◆ ACTION ITEM: From the entries below, output the line with "#20702 = CARTESIAN_POINT" and each following line up to and including the line with "#27202 = CARTESIAN_POINT", exactly as written.

INPUT RECORDS Block Start

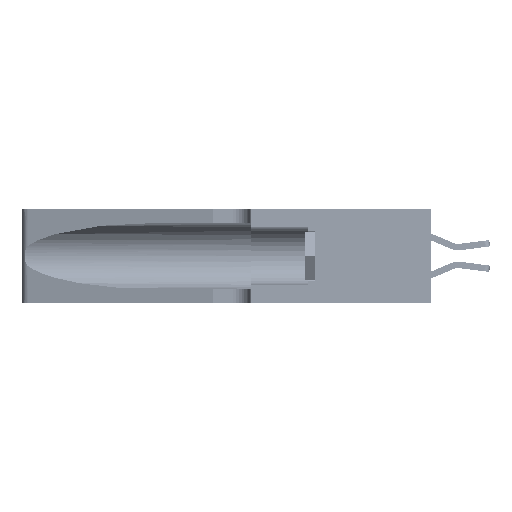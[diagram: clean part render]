
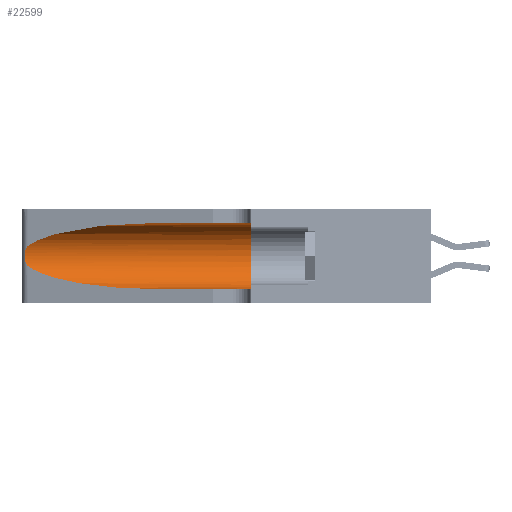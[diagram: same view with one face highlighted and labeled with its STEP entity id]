
A CAD part, left-side view. The second image highlights one B-rep face of the part: STEP entity #22599.
In plain terms, the highlighted cylindrical face has radius 3.308 mm (diameter 6.617 mm), a partial arc.
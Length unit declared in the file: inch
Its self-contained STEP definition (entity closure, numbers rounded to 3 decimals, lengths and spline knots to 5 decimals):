
#3126 = CARTESIAN_POINT ( 'NONE',  ( 0.2373, 1.15595, 0.08982 ) ) ;
#3546 = VECTOR ( 'NONE', #13957, 39.37008 ) ;
#3746 = CARTESIAN_POINT ( 'NONE',  ( 0.1305, 0.72297, 0.05475 ) ) ;
#4587 = CARTESIAN_POINT ( 'NONE',  ( 0.1305, 0.72297, 0.31525 ) ) ;
#4902 = CARTESIAN_POINT ( 'NONE',  ( 0.25639, 1.23184, 0.21858 ) ) ;
#5211 = VERTEX_POINT ( 'NONE', #17136 ) ;
#6765 = CARTESIAN_POINT ( 'NONE',  ( 0.25487, 1.22718, 0.14631 ) ) ;
#7586 = AXIS2_PLACEMENT_3D ( 'NONE', #31325, #9491, #35470 ) ;
#7800 = EDGE_LOOP ( 'NONE', ( #13663, #15812, #39516, #19297, #34785, #28005 ) ) ;
#8863 = CARTESIAN_POINT ( 'NONE',  ( 0.25555, 1.22994, 0.2215 ) ) ;
#9491 = DIRECTION ( 'NONE',  ( 0., 1., 0. ) ) ;
#9562 = DIRECTION ( 'NONE',  ( 0., -1., 0. ) ) ;
#11121 =( BOUNDED_CURVE ( )  B_SPLINE_CURVE ( 3, ( #6765, #3126, #39978, #3746 ),
 .UNSPECIFIED., .F., .T. ) 
 B_SPLINE_CURVE_WITH_KNOTS ( ( 4, 4 ),
 ( 3.44316, 4.71239 ),
 .UNSPECIFIED. ) 
 CURVE ( )  GEOMETRIC_REPRESENTATION_ITEM ( )  RATIONAL_B_SPLINE_CURVE ( ( 1., 0.87, 0.87, 1. ) ) 
 REPRESENTATION_ITEM ( '' )  );
#11743 = EDGE_CURVE ( 'NONE', #12880, #41568, #32826, .T. ) ;
#11922 = CARTESIAN_POINT ( 'NONE',  ( 0.2373, 1.15595, 0.28018 ) ) ;
#12541 = CARTESIAN_POINT ( 'NONE',  ( 0.25639, 1.23186, 0.15144 ) ) ;
#12577 =( BOUNDED_CURVE ( )  B_SPLINE_CURVE ( 3, ( #4587, #30094, #11922, #18445 ),
 .UNSPECIFIED., .F., .T. ) 
 B_SPLINE_CURVE_WITH_KNOTS ( ( 4, 4 ),
 ( 1.5708, 2.84003 ),
 .UNSPECIFIED. ) 
 CURVE ( )  GEOMETRIC_REPRESENTATION_ITEM ( )  RATIONAL_B_SPLINE_CURVE ( ( 1., 0.87, 0.87, 1. ) ) 
 REPRESENTATION_ITEM ( '' )  );
#12863 = CARTESIAN_POINT ( 'NONE',  ( 0.26018, 1.23835, 0.19895 ) ) ;
#12880 = VERTEX_POINT ( 'NONE', #39763 ) ;
#13663 = ORIENTED_EDGE ( 'NONE', *, *, #14387, .T. ) ;
#13957 = DIRECTION ( 'NONE',  ( 0., -1., 0. ) ) ;
#14387 = EDGE_CURVE ( 'NONE', #35784, #31372, #12577, .T. ) ;
#15812 = ORIENTED_EDGE ( 'NONE', *, *, #42877, .T. ) ;
#16077 = B_SPLINE_CURVE_WITH_KNOTS ( 'NONE', 3,
 ( #20005, #8863, #4902, #30547, #27202, #12863, #37749, #34390, #20173, #38232, #23830, #12541, #45475, #41765 ),
 .UNSPECIFIED., .F., .F.,
 ( 4, 2, 2, 2, 2, 2, 4 ),
 ( 0., 0.00027, 0.00053, 0.00107, 0.0016, 0.00187, 0.00214 ),
 .UNSPECIFIED. ) ;
#17136 = CARTESIAN_POINT ( 'NONE',  ( 0.1305, 0.35, 0.31525 ) ) ;
#18445 = CARTESIAN_POINT ( 'NONE',  ( 0.25487, 1.22718, 0.22369 ) ) ;
#18559 = CYLINDRICAL_SURFACE ( 'NONE', #28055, 0.13025 ) ;
#19246 = EDGE_CURVE ( 'NONE', #35784, #5211, #22902, .T. ) ;
#19297 = ORIENTED_EDGE ( 'NONE', *, *, #11743, .T. ) ;
#20005 = CARTESIAN_POINT ( 'NONE',  ( 0.25487, 1.22718, 0.22369 ) ) ;
#20173 = CARTESIAN_POINT ( 'NONE',  ( 0.26017, 1.23833, 0.17102 ) ) ;
#20702 = CARTESIAN_POINT ( 'NONE',  ( 0.25487, 1.22718, 0.14631 ) ) ;
#21712 = CARTESIAN_POINT ( 'NONE',  ( 0.1305, 1.61858, 0.31525 ) ) ;
#22599 = ADVANCED_FACE ( 'NONE', ( #29521 ), #18559, .F. ) ;
#22902 = LINE ( 'NONE', #21712, #3546 ) ;
#23279 = EDGE_CURVE ( 'NONE', #31655, #12880, #11121, .T. ) ;
#23830 = CARTESIAN_POINT ( 'NONE',  ( 0.25789, 1.23486, 0.15765 ) ) ;
#25304 = DIRECTION ( 'NONE',  ( 0., 0., -1. ) ) ;
#27202 = CARTESIAN_POINT ( 'NONE',  ( 0.25854, 1.2359, 0.20912 ) ) ;
#28005 = ORIENTED_EDGE ( 'NONE', *, *, #19246, .F. ) ;
#28055 = AXIS2_PLACEMENT_3D ( 'NONE', #32155, #28489, #25304 ) ;
#28489 = DIRECTION ( 'NONE',  ( 0., -1., 0. ) ) ;
#29521 = FACE_OUTER_BOUND ( 'NONE', #7800, .T. ) ;
#30094 = CARTESIAN_POINT ( 'NONE',  ( 0.18966, 0.96281, 0.31525 ) ) ;
#30547 = CARTESIAN_POINT ( 'NONE',  ( 0.25787, 1.23484, 0.2124 ) ) ;
#30978 = CARTESIAN_POINT ( 'NONE',  ( 0.1305, 0.35, 0.05475 ) ) ;
#31325 = CARTESIAN_POINT ( 'NONE',  ( 0.1305, 0.35, 0.185 ) ) ;
#31372 = VERTEX_POINT ( 'NONE', #40584 ) ;
#31655 = VERTEX_POINT ( 'NONE', #20702 ) ;
#32155 = CARTESIAN_POINT ( 'NONE',  ( 0.1305, 1.61858, 0.185 ) ) ;
#32826 = LINE ( 'NONE', #38948, #41455 ) ;
#34020 = CIRCLE ( 'NONE', #7586, 0.13025 ) ;
#34390 = CARTESIAN_POINT ( 'NONE',  ( 0.26075, 1.23896, 0.178 ) ) ;
#34785 = ORIENTED_EDGE ( 'NONE', *, *, #43031, .F. ) ;
#35470 = DIRECTION ( 'NONE',  ( 0., 0., 1. ) ) ;
#35784 = VERTEX_POINT ( 'NONE', #44051 ) ;
#37749 = CARTESIAN_POINT ( 'NONE',  ( 0.26075, 1.23896, 0.19203 ) ) ;
#38232 = CARTESIAN_POINT ( 'NONE',  ( 0.25856, 1.23593, 0.16098 ) ) ;
#38948 = CARTESIAN_POINT ( 'NONE',  ( 0.1305, 1.61858, 0.05475 ) ) ;
#39516 = ORIENTED_EDGE ( 'NONE', *, *, #23279, .T. ) ;
#39763 = CARTESIAN_POINT ( 'NONE',  ( 0.1305, 0.72297, 0.05475 ) ) ;
#39978 = CARTESIAN_POINT ( 'NONE',  ( 0.18966, 0.96281, 0.05475 ) ) ;
#40584 = CARTESIAN_POINT ( 'NONE',  ( 0.25487, 1.22718, 0.22369 ) ) ;
#41455 = VECTOR ( 'NONE', #9562, 39.37008 ) ;
#41568 = VERTEX_POINT ( 'NONE', #30978 ) ;
#41765 = CARTESIAN_POINT ( 'NONE',  ( 0.25487, 1.22718, 0.14631 ) ) ;
#42877 = EDGE_CURVE ( 'NONE', #31372, #31655, #16077, .T. ) ;
#43031 = EDGE_CURVE ( 'NONE', #5211, #41568, #34020, .T. ) ;
#44051 = CARTESIAN_POINT ( 'NONE',  ( 0.1305, 0.72297, 0.31525 ) ) ;
#45475 = CARTESIAN_POINT ( 'NONE',  ( 0.25555, 1.22993, 0.14849 ) ) ;

INPUT RECORDS Block End

◆ EXERCISE RESPONSE:
#20702 = CARTESIAN_POINT ( 'NONE',  ( 0.25487, 1.22718, 0.14631 ) ) ;
#21712 = CARTESIAN_POINT ( 'NONE',  ( 0.1305, 1.61858, 0.31525 ) ) ;
#22599 = ADVANCED_FACE ( 'NONE', ( #29521 ), #18559, .F. ) ;
#22902 = LINE ( 'NONE', #21712, #3546 ) ;
#23279 = EDGE_CURVE ( 'NONE', #31655, #12880, #11121, .T. ) ;
#23830 = CARTESIAN_POINT ( 'NONE',  ( 0.25789, 1.23486, 0.15765 ) ) ;
#25304 = DIRECTION ( 'NONE',  ( 0., 0., -1. ) ) ;
#27202 = CARTESIAN_POINT ( 'NONE',  ( 0.25854, 1.2359, 0.20912 ) ) ;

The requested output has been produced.